• **AIM OF THE EXERCISE**: Reproduce nothing but the lines from the one with "backwards -> turn_left" down to the last line of the data below.

Data records:
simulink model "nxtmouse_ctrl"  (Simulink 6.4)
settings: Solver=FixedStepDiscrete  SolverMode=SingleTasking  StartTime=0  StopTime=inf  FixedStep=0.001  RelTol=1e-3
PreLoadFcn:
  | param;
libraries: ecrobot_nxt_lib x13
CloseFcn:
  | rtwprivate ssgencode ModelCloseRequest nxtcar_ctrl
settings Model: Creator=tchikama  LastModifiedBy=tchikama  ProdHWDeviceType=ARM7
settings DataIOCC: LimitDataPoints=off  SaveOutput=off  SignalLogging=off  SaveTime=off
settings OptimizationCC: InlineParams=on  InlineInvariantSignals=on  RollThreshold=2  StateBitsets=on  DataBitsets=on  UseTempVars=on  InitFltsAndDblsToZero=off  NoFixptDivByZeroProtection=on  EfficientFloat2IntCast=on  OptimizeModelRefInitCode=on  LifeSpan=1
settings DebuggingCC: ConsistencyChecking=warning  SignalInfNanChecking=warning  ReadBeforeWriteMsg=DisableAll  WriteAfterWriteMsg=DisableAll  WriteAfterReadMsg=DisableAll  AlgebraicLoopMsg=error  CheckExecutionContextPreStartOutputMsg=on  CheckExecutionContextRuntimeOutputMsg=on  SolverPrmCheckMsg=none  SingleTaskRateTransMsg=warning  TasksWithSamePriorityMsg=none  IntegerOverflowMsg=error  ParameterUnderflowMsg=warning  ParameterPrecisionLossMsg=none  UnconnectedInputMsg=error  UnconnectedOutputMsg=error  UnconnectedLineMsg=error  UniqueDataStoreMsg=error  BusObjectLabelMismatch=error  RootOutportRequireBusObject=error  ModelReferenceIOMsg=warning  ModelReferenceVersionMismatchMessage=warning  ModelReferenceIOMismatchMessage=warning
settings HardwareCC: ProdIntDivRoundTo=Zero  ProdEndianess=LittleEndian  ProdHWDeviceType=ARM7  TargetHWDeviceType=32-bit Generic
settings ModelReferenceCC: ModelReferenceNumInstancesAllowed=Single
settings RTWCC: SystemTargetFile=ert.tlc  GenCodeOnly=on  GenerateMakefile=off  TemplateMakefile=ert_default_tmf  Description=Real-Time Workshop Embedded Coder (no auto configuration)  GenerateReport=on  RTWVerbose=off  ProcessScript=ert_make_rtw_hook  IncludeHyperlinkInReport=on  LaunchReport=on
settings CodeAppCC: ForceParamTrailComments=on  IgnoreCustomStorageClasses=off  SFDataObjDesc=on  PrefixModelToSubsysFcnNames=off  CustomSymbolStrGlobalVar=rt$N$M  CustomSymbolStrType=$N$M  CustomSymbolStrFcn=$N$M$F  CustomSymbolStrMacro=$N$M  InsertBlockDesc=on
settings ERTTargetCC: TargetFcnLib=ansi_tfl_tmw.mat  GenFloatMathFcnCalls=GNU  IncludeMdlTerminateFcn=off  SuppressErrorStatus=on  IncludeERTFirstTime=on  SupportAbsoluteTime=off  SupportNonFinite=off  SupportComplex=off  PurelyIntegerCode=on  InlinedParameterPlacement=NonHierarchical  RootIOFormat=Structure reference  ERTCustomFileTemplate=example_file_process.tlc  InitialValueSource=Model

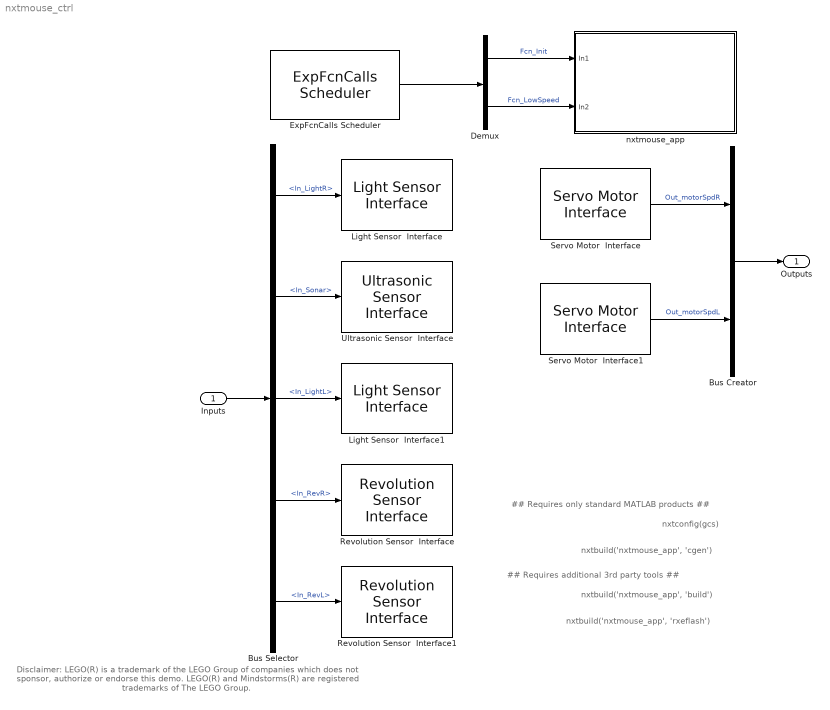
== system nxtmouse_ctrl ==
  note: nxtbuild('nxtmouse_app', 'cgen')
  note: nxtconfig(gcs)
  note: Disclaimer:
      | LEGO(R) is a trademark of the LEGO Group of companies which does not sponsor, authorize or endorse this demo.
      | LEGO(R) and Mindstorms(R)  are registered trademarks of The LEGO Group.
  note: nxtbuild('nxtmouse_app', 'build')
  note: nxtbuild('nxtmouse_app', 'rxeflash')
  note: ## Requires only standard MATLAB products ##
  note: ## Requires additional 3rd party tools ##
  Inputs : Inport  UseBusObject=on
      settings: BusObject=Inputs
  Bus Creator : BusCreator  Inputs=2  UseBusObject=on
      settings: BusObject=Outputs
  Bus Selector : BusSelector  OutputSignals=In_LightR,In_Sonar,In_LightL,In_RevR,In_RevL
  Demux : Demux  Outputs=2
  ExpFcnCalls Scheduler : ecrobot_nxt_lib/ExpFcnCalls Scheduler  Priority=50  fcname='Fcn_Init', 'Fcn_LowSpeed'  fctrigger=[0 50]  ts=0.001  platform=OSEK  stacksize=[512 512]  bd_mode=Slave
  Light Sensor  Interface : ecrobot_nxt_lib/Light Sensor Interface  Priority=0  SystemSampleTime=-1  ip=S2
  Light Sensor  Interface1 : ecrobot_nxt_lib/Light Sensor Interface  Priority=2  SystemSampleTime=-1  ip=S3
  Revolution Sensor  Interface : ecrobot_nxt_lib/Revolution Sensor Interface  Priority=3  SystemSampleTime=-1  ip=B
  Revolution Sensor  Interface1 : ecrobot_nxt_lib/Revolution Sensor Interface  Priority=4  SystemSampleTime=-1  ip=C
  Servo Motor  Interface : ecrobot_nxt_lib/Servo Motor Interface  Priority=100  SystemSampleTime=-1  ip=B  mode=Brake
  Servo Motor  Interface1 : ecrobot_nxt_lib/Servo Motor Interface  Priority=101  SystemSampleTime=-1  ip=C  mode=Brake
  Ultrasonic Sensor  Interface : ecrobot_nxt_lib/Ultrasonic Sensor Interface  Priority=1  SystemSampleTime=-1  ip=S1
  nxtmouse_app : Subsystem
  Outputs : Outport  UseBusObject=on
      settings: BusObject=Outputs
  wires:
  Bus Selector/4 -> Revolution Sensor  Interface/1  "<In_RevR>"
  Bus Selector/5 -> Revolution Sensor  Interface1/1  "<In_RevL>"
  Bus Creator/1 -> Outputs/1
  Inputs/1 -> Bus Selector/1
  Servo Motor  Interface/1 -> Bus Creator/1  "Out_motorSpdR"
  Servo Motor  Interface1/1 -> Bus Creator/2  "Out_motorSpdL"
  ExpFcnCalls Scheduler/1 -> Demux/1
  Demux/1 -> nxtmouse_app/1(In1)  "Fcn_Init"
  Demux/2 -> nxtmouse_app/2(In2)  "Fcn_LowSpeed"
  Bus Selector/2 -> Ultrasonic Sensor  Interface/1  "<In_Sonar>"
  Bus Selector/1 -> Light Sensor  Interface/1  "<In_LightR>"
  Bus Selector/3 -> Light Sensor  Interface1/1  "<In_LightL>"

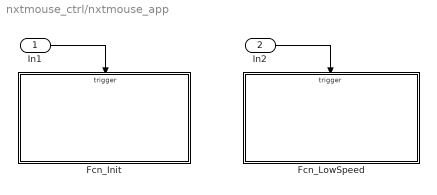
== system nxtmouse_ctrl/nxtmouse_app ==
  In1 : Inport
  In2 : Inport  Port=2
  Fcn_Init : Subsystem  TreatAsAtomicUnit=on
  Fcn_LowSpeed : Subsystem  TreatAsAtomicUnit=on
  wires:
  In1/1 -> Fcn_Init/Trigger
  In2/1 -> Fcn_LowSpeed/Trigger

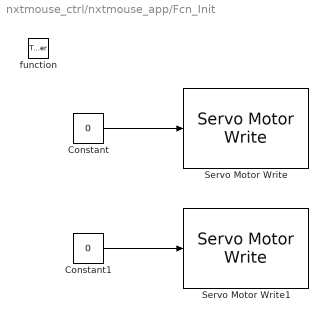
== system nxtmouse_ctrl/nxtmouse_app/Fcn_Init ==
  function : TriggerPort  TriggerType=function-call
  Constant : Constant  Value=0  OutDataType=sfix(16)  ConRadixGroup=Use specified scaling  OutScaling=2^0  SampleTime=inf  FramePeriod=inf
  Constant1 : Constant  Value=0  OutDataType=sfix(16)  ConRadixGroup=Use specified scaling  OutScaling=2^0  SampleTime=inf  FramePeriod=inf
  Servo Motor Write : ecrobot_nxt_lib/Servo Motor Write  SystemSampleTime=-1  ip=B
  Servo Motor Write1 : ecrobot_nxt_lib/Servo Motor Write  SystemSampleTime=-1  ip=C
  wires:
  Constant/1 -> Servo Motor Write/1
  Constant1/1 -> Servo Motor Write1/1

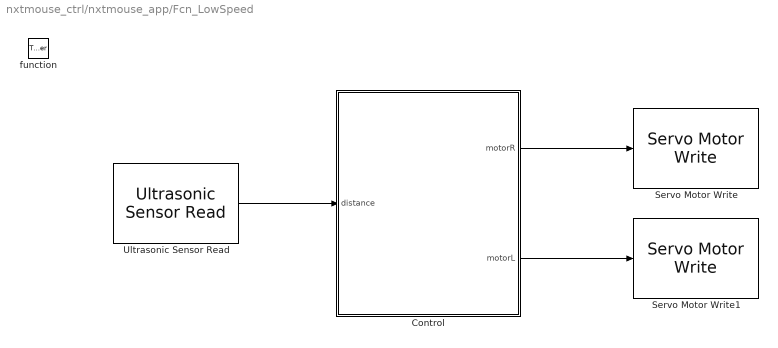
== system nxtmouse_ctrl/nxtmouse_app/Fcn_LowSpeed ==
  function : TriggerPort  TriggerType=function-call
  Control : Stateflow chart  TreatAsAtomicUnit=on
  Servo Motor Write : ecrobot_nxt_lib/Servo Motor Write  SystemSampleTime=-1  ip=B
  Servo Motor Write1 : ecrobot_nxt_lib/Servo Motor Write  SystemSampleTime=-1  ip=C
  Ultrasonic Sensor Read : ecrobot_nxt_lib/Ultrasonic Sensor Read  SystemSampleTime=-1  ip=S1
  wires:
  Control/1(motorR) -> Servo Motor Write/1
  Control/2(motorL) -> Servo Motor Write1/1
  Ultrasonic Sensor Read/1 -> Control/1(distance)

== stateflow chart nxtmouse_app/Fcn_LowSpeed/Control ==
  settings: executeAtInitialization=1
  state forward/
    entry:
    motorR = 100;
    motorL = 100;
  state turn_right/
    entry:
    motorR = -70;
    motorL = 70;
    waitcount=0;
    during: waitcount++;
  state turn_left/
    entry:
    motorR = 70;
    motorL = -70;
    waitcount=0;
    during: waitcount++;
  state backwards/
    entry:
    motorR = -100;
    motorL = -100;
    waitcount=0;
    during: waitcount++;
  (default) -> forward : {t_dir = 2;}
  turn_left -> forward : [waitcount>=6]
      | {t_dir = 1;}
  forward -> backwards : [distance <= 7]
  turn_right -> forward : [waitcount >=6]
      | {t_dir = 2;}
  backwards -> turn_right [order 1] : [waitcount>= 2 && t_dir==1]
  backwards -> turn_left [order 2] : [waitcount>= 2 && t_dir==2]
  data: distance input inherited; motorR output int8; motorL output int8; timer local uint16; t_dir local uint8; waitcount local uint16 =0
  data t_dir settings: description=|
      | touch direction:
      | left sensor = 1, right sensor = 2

• **THE COMPLETED TASK**:
  backwards -> turn_left [order 2] : [waitcount>= 2 && t_dir==2]
  data: distance input inherited; motorR output int8; motorL output int8; timer local uint16; t_dir local uint8; waitcount local uint16 =0
  data t_dir settings: description=|
      | touch direction:
      | left sensor = 1, right sensor = 2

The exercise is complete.